→ Task prompt
For the word "along", tally the lines of the data that contain it and give the tally alone.

→ Extracted information
---
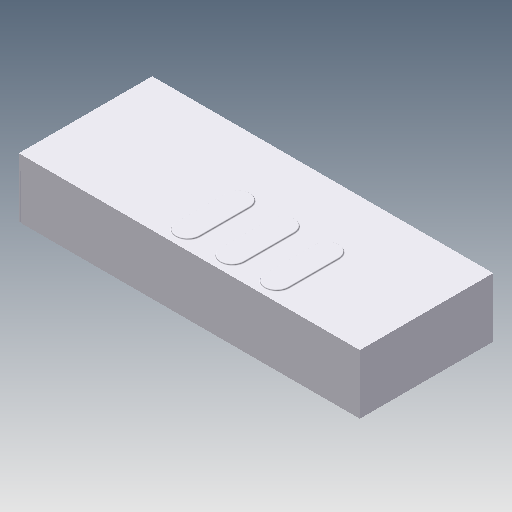
# Autodesk Inventor part: config - interface module
Saved by Autodesk Inventor 2020 (Build 240152000, 152)
## iProperties
Created: 2005-12-05
Part Number: config - interface module
Document SubType Name: Modeling
Designer: Simon.Ng@autodesk.com
Stock Number: config - interface module
Density: 1 g/cm^3
Material: Generic
Mass: 106.435 g
Surface Area: 212.581 cm^2
Volume: 106.435 cm^3
Appearance: Teflon
Company: Autodesk Asia Pte. Ltd.
Title: PC Demo
Author: Simon.Ng@autodesk.com
Autodesk Inventor part; units mm, degrees
ref_plane "YZ Plane" through (0, 0, 0) normal (1, 0, 0) x (0, 1, 0)
ref_plane "XZ Plane" through (0, 0, 0) normal (0, 1, 0) x (-1, 0, 0)
ref_plane "XY Plane" through (0, 0, 0) normal (0, 0, 1) x (1, 0, 0)
sketch "Sketch1" plane through (0, 0, 0) normal (0, 0, 1) x (1, 0, 0)
  line L0 (0, 26) -> (0, -2) projected
  line L1 (-69, 0) -> (92, 0) projected
  line L2 (-57.5, 0) -> (57.5, 0)
  line L3 (57.5, 0) -> (57.5, 20)
  line L4 (57.5, 20) -> (-57.5, 20)
  line L5 (-57.5, 20) -> (-57.5, 0)
  dimension "d0" = 115
  dimension "d1" = 20
  constraints: 8 end point, 2 parallel, 1 horizontal, 1 perpendicular, 1 point on line, 1 other
  measures "d0" distance of L3.end L4.end
  measures "d1" distance of L2.end L3.end
extrude "Extrusion1" add sketch "Sketch1" along normal blind 45
sketch "Sketch3" plane through (0, 0, 45) normal (0, 0, 1) x (1, 0, 0)
  line L0 (57.5, 0) -> (-57.5, 0) projected
  line L1 (57.5, 20) -> (57.5, 0) projected
  line L2 (57, 15) -> (56.8, 15)
  line L3 (56.8, 15) -> (56.8, 0)
  line L4 (56.8, 0) -> (57, 0)
  line L5 (57, 0) -> (57, 15)
  dimension "d8" = 0.5
  dimension "d9" = 0.2
  dimension "d10" = 15
  constraints: 8 end point, 2 parallel, 1 horizontal, 1 perpendicular, 1 point on line
  measures "d8" distance between parallel lines of L1 L5
  measures "d9" distance of L2.start L2.end
  measures "d10" distance of L2.end L3.end
extrude "Extrusion3" cut sketch "Sketch3" against normal blind 5
mirror "Mirror1" about plane through (0, 0, 0) normal (1, 0, 0) of "Extrusion3"
sketch "Sketch4" plane through (0, 0, 45) normal (0, 0, 1) x (1, 0, 0)
  line L0 (57.5, 20) -> (57.5, 0) construction
  line L1 (57, 15) -> (57.5, 15)
  constraints: 2 end point, 1 perpendicular, 1 point on line
split_face "Split1"
sketch "Sketch5" plane through (57.5, 0, 0) normal (1, 0, 0) x (0, 0, -1)
  line L0 (-45, 20) -> (-45, 15) construction
  line L1 (0, 20) -> (-45, 20) construction
  line L2 (-45, 15) -> (-25, 15)
  line L3 (-25, 15) -> (-15, 18)
  line L4 (-15, 18) -> (-15, 20)
  dimension "d13" = 30
  dimension "d14" = 2
  dimension "d15" = 20
  constraints: 6 end point, 1 parallel, 1 perpendicular, 1 point on line
  measures "d13" distance between parallel lines of L0 L4
  measures "d14" distance of L3.end L4.end
  measures "d15" distance of L0.end L2.end
split_face "Split2"
sketch "Sketch6" plane through (-57.5, 20, 0) normal (0, 1, 0) x (1, 0, 0)
  line L0 (0, -15) -> (0, -45) construction
  line L1 (115, -15) -> (0, -15)
  constraints: 2 end point, 1 perpendicular
split_face "Split3"
sketch "Sketch7" plane through (-57.5, 20, 45) normal (0, 1, 0) x (1, 0, 0)
  line L0 (0, 0) -> (115, 0) projected
  line L1 (115, 30) -> (115, 0) projected
  line L2 (77, 23) -> (85, 23)
  line L3 (85, 23) -> (85, 6)
  line L4 (85, 6) -> (77, 6)
  line L5 (77, 6) -> (77, 23)
  circle A0 centre (81, 23) radius 4
  circle A1 centre (81, 6) radius 4
  dimension "d16" = 25
  dimension "d17" = 8
  dimension "d18" = 30
  dimension "d19" = 6
  constraints: 8 end point, 2 horizontal alignment, 2 midpoint, 2 parallel, 1 horizontal, 1 perpendicular, 4 other
  measures "d17" distance between parallel lines of L5 L3
  measures "d18" distance between parallel lines of L1 L3
  measures "d19" distance between parallel lines of L0 L4
extrude "Extrusion4" add sketch "Sketch7" along normal blind 0.5
fillet "Fillet1" radius 0.25 8 edges at (23.5, 20, 43) (19.5, 20, 30.5) (23.5, 20, 18) (27.5, 20, 30.5) (23.5, 20.5, 43) (19.5, 20.5, 30.5) (23.5, 20.5, 18) (27.5, 20.5, 30.5)
pattern_linear "Rectangular Pattern1" count 3 spacing 15 along (-1, 0, 0) of "Extrusion4", "Fillet1"
sketch "Sketch8" plane through (-56.8, 0, 45) normal (0, -1, 0) x (1, 0, 0)
  line L0 (-0.7, -45) -> (114.3, -45) projected
  line L1 (114.3, -45) -> (114.3, 0) projected
  line L2 (0, -5) -> (-0.2, -5) projected
  line L3 (104.3, -10.1321) -> (104.3, -39.4486) construction
  line L4 (96.3, -15.2854) -> (96.3, -32.9211) construction
  circle A0 centre (104.3, -35) radius 3.5
  circle A1 centre (104.3, -35) radius 1.75
  circle A2 centre (104.3, -23) radius 3.5
  circle A3 centre (104.3, -23) radius 1.75
  circle A4 centre (104.3, -11) radius 3.5
  circle A5 centre (104.3, -11) radius 1.75
  circle A6 centre (96.3, -17) radius 1.75
  circle A7 centre (96.3, -17) radius 3.5
  circle A8 centre (96.3, -29) radius 1.75
  circle A9 centre (96.3, -29) radius 3.5
  dimension "d26" = 3.5
  dimension "d27" = 7
  dimension "d28" = 10
  dimension "d29" = 10
  dimension "d30" = 12
  dimension "d31" = 12
  dimension "d32" = 8
  dimension "d33" = 12
  dimension "d34" = 16
  constraints: 10 centre point, 8 equal radius, 5 coincident, 5 point on line, 4 end point, 1 parallel, 1 perpendicular
  measures "d26" diameter of A1
  measures "d27" diameter of A0
  measures "d28" distance between parallel lines of L1 L3
  measures "d29" distance from line of L0 A0.centre
  measures "d30" distance of A2.centre A0.centre
  measures "d31" distance of A2.centre A4.centre
  measures "d32" distance between parallel lines of L3 L4
  measures "d33" distance of A8.centre A6.centre
  measures "d34" distance from line of L0 A9.centre
extrude "Extrusion5" add sketch "Sketch8" along normal blind 5
sketch "Sketch9" plane through (-56.8, 0, 45) normal (0, -1, 0) x (1, 0, 0)
  line L0 (-0.7, -45) -> (114.3, -45) projected
  line L1 (114.3, -45) -> (114.3, 0) projected
  line L2 (0, -5) -> (-0.2, -5) projected
  circle A0 centre (79.3, -18) radius 6
  circle A1 centre (79.3, -33) radius 6
  line L3 (79.3, -18) -> (79.3, -33) construction
  dimension "d37" = 35
  dimension "d38" = 12
  dimension "d39" = 15
  dimension "d40" = 12
  constraints: 2 centre point, 2 end point, 1 equal radius, 1 perpendicular
  measures "d37" distance between parallel lines of L1 L3
  measures "d38" diameter of A1
  measures "d39" distance of L3.end L3.start
  measures "d40" distance from line of L0 L3.end
extrude "Extrusion6" add sketch "Sketch9" along normal blind 2
sketch "Sketch10" plane through (22.5, -2, 27) normal (0, -1, 0) x (1, 0, 0)
  circle A0 centre (0, 0) radius 6 projected
  line L0 (-4.0311, -2) -> (-2.5311, -2)
  line L1 (-2.5311, -2) -> (-2.5311, -3.7207)
  line L2 (4.0311, -2) -> (2.5311, -2)
  line L3 (2.5311, -2) -> (2.5311, -3.7207)
  line L4 (0, 0) -> (0, 4.5) construction
  line L5 (-1.5, 4.2426) -> (-1.5, 3.2426)
  line L6 (-1.5, 3.2426) -> (1.5, 3.2426)
  line L7 (1.5, 3.2426) -> (1.5, 4.2426)
  circle A1 centre (0, 0) radius 5
  arc A2 (-1.5, 4.2426) -> (-4.0311, -2) centre (0, 0) ccw
  arc A3 (-2.5311, -3.7207) -> (2.5311, -3.7207) centre (0, 0) ccw
  arc A4 (4.0311, -2) -> (1.5, 4.2426) centre (0, 0) ccw
  dimension "d44" = 2
  dimension "d45" = 1.5
  dimension "d46" = 3
  dimension "d47" = 1
  dimension "d48" = 10
  constraints: 16 end point, 6 point on circle, 4 centre point, 4 perpendicular, 3 parallel, 2 coincident, 2 equal length, 1 horizontal, 1 other
  measures "d44" distance from line of L0 A0.centre
  measures "d45" distance of L0.start L0.end
  measures "d46" distance of L5.end L6.end
  measures "d47" distance of L6.end L7.end
  measures "d48" diameter of A1
extrude "Extrusion7" cut sketch "Sketch10" against normal blind 5 contours A1
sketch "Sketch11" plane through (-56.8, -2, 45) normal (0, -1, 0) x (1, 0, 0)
---
→ Output below
5